How does Docker handle different kernel versions?

Question

Let's say that I make an image for an OS that uses a kernel of version 10. What behavior does Docker exhibit if I run a container for that image on a host OS running a kernel of version 9? What about version 11?

Does the backward compatibility of the versions matter? I'm asking out of curiosity because the documentation only talks about "minimum Linux kernel version", etc. This sounds like it doesn't matter what kernel version the host is running beyond that minimum. Is this true? Are there caveats?

Answer 1

Docker's behaviour is no different: it doesn't concern itself (directly) with the behaviour of the containerized process. What Docker does do is set up various parameters (root filesystem, other mounts, network interfaces and configuration, separate namespaces or restrictions on what PIDs can be seen, etc.) for the process that let you consider it a "container," and then it just runs the initial process in that environment.
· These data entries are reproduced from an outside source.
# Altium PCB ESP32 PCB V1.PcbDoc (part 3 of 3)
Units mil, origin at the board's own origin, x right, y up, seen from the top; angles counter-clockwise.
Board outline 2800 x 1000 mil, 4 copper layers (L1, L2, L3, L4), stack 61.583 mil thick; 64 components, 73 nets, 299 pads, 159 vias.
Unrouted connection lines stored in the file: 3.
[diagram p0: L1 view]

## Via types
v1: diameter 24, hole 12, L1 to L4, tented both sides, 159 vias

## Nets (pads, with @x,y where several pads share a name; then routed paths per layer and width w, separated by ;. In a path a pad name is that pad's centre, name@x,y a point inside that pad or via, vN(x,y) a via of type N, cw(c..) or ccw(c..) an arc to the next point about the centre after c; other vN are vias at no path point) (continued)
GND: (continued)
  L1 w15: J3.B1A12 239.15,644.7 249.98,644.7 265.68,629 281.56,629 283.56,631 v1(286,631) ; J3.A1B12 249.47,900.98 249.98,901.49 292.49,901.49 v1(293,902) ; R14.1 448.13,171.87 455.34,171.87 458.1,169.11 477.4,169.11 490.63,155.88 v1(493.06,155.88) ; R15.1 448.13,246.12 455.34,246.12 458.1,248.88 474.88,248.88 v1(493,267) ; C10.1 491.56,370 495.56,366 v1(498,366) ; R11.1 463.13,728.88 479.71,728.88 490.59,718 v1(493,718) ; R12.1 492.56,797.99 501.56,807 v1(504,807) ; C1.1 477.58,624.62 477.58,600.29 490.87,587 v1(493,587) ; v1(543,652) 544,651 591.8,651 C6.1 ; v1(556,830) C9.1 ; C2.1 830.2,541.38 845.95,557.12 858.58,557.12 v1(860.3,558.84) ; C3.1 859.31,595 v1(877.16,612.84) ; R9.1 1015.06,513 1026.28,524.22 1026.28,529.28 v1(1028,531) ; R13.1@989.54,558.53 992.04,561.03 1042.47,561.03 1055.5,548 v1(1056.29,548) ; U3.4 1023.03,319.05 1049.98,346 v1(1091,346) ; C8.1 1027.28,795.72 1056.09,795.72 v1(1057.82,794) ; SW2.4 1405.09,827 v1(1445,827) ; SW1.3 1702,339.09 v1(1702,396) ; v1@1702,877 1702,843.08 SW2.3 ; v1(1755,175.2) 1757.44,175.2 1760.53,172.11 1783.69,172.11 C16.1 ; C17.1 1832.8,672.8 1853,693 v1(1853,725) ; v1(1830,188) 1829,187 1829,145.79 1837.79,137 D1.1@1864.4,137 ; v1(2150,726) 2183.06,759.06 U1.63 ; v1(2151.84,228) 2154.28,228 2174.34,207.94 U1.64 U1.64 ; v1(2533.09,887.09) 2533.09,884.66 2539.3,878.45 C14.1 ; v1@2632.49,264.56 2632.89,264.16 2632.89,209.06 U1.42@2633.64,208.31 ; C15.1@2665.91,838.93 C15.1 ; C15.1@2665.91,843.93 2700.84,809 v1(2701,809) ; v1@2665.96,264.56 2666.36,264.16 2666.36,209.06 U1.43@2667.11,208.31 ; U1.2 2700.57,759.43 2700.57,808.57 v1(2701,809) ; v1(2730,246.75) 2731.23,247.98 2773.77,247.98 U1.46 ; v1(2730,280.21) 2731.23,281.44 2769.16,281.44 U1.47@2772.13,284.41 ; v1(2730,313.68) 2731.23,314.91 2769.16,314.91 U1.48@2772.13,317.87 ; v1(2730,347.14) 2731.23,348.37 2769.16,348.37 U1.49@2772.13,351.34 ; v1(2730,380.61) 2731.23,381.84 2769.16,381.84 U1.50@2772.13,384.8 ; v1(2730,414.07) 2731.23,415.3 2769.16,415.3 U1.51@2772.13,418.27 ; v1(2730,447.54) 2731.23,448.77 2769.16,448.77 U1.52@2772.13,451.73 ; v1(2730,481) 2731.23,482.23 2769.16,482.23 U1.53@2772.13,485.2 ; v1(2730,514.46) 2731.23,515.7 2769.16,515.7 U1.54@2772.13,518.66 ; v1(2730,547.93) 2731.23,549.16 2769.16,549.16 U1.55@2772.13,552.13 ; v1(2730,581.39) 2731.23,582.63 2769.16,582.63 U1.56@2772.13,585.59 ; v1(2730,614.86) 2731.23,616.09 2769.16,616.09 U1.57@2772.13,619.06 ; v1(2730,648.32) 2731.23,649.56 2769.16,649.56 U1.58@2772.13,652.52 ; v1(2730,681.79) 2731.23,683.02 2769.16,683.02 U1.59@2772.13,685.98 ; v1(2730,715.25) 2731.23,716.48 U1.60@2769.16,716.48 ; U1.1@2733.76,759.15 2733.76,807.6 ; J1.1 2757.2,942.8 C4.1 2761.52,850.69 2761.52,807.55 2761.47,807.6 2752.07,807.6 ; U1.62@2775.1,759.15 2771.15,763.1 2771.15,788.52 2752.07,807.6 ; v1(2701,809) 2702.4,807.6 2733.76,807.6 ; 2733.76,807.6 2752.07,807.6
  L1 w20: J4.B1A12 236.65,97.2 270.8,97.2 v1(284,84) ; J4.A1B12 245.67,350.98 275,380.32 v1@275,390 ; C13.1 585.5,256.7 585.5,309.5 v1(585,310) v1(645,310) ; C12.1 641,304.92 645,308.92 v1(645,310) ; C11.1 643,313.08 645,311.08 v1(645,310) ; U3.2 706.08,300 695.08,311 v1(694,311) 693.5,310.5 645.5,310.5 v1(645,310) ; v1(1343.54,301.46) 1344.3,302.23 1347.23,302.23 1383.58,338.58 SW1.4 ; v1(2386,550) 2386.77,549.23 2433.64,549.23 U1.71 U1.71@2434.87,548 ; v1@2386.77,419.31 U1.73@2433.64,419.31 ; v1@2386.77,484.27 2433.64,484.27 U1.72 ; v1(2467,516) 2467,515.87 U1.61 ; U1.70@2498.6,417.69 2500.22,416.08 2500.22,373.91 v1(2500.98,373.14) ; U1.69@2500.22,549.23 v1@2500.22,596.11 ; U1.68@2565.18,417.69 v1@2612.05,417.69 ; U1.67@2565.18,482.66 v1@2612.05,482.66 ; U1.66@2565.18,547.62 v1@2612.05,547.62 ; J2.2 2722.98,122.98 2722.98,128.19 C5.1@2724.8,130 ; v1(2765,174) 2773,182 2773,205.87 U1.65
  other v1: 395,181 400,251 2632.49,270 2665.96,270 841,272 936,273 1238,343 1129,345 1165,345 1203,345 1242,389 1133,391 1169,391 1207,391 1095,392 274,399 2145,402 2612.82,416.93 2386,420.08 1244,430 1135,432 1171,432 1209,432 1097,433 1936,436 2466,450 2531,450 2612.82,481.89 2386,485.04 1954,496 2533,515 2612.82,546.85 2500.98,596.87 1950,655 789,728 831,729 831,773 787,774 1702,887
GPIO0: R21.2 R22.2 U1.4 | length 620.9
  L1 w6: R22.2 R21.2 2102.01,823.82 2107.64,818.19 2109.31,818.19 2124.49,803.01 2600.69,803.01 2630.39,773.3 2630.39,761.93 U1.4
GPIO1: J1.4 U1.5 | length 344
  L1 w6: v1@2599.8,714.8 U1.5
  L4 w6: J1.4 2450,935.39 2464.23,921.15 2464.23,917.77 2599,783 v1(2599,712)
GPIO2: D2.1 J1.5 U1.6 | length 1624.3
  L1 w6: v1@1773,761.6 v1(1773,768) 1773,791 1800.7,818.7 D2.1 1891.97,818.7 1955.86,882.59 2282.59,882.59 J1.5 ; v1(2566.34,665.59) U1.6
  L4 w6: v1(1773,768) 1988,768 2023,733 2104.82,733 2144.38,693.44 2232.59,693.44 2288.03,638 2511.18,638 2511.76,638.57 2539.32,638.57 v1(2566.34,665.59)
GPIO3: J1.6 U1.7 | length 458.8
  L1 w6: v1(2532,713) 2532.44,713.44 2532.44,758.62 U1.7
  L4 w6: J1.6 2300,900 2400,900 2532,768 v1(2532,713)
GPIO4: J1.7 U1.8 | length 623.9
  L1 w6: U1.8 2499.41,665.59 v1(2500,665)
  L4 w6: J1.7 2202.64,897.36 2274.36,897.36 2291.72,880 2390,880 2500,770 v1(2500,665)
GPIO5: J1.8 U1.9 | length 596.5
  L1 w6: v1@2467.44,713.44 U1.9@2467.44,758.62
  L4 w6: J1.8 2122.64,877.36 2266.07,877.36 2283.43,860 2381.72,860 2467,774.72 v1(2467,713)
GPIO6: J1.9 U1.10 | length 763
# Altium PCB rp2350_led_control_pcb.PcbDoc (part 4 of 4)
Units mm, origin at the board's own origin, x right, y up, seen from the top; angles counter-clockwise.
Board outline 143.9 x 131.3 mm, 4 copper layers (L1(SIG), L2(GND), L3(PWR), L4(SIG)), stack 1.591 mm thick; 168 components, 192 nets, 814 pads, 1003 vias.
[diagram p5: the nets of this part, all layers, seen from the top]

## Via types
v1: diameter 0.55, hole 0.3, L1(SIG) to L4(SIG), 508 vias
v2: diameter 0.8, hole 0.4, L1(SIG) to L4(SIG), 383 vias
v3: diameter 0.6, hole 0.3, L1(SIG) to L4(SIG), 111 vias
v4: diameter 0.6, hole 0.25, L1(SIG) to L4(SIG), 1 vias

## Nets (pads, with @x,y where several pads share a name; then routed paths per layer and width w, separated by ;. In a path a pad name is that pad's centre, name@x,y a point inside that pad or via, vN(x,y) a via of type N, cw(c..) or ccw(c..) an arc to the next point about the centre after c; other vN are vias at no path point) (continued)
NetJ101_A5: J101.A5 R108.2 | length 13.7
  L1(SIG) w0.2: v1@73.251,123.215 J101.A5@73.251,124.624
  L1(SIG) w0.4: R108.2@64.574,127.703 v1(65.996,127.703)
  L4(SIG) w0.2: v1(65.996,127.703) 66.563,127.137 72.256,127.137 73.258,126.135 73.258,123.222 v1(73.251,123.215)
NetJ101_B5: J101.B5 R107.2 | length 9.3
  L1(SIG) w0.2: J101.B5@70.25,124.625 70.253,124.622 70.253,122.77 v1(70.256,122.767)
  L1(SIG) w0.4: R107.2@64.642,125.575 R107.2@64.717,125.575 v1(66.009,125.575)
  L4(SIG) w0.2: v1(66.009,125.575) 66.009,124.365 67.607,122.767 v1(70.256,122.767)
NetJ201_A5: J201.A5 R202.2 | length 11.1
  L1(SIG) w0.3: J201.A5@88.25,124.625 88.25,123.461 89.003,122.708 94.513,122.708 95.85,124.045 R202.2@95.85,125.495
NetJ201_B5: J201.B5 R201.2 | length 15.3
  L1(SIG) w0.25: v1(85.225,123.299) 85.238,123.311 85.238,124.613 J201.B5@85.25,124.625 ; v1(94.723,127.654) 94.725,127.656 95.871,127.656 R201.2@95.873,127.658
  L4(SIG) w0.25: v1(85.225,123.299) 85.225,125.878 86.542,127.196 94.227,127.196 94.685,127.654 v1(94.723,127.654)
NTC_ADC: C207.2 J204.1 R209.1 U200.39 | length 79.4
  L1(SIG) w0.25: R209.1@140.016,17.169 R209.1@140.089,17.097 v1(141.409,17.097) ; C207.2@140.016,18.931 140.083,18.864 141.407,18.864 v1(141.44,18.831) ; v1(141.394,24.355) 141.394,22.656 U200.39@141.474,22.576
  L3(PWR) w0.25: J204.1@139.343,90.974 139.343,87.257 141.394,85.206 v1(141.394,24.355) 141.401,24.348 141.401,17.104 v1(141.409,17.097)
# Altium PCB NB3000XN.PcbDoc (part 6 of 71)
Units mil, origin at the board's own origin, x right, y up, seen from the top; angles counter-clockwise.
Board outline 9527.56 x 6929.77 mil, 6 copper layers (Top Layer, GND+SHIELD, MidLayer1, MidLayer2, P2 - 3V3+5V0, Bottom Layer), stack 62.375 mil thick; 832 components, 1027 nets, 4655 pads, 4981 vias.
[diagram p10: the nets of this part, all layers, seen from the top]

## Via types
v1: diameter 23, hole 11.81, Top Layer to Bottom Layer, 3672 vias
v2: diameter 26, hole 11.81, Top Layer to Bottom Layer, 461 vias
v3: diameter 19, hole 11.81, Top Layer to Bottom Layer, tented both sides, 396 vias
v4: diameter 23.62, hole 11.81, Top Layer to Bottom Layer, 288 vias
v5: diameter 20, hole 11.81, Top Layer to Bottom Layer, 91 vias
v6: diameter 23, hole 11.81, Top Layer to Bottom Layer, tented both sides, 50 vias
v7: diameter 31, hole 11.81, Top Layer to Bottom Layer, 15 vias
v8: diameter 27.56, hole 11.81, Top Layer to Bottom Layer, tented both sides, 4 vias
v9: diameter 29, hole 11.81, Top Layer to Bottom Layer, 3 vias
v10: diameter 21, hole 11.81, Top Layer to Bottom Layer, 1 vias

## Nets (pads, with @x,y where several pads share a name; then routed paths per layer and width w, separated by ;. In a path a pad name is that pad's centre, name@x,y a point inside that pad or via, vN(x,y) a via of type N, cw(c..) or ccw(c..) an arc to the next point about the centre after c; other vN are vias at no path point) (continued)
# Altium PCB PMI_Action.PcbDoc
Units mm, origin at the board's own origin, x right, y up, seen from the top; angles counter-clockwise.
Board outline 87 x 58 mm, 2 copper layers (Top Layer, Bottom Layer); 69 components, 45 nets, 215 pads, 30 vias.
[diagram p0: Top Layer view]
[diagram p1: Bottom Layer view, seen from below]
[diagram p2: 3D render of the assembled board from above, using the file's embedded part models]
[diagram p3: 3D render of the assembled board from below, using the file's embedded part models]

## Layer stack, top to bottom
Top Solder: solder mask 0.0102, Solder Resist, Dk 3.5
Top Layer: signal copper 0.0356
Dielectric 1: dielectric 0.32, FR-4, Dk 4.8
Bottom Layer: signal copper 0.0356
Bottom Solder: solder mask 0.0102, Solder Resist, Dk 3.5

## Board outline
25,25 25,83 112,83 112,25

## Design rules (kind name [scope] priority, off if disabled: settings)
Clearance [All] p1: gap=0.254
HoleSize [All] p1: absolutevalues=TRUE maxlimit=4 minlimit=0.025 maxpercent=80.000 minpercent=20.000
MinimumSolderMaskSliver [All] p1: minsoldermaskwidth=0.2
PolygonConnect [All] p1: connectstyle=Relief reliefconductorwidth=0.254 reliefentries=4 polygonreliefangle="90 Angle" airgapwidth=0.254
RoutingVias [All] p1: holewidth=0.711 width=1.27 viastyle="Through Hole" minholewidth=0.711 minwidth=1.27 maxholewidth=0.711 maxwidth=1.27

The specific software inside the container may or may not work with your host operating system's kernel. Using a kernel older than the software was built for is not infrequently problematic; more often it's safe to run older software on a newer kernel.

More often, but not always. On a host with kernel 4.19 (e.g. Ubuntu 18.04) try docker run centos:6 bash. You'll find it segfaults (exit code 139) because that old build of bash does something that greatly displeases the newer kernel. (On a 4.9 or lower kernel, docker run centos:6 bash will work fine.) However, docker run centos:6 ls will not die in the same way because that program is not dependent on particular kernel facilities that have changed (at least, not when run with no arguments).

Answer 2

Let's say that I make an image for an OS that uses a kernel of version 10.

I think this is a bit of a misconception, unless you are talking about specific software that relies on newer kernel features inside your Docker image, which should be pretty rare. Generally speaking a Docker image is just a custom file/directory structure, assembled in layers via FROM and RUN instructions in one or more Dockerfiles, with a bit of meta data like what ports to open or which file to execute on container start. That's really all there is to it. The basic principle of Docker is very much like a classic chroot jail, only a bit more modern and with some candy on top.

What behavior does Docker exhibit if I run a container for that image on a host OS running a kernel of version 9? What about version 11?

If the kernel can run the Docker daemon it should be able to run any image.

Are there caveats?

As noted above, Docker images that include software which relies on bleeding edge kernel features will not work on kernels that do not have those features, which should be no surprise. Docker will not stop you from running such an image on an older kernel as it simply does not care whats inside an image, nor does it know what kernel was used to create the image.

The only other thing I can think of is compiling software manually with aggressive optimizations for a specific cpu like Intel or Amd. Such images will fail on hosts with a different cpu.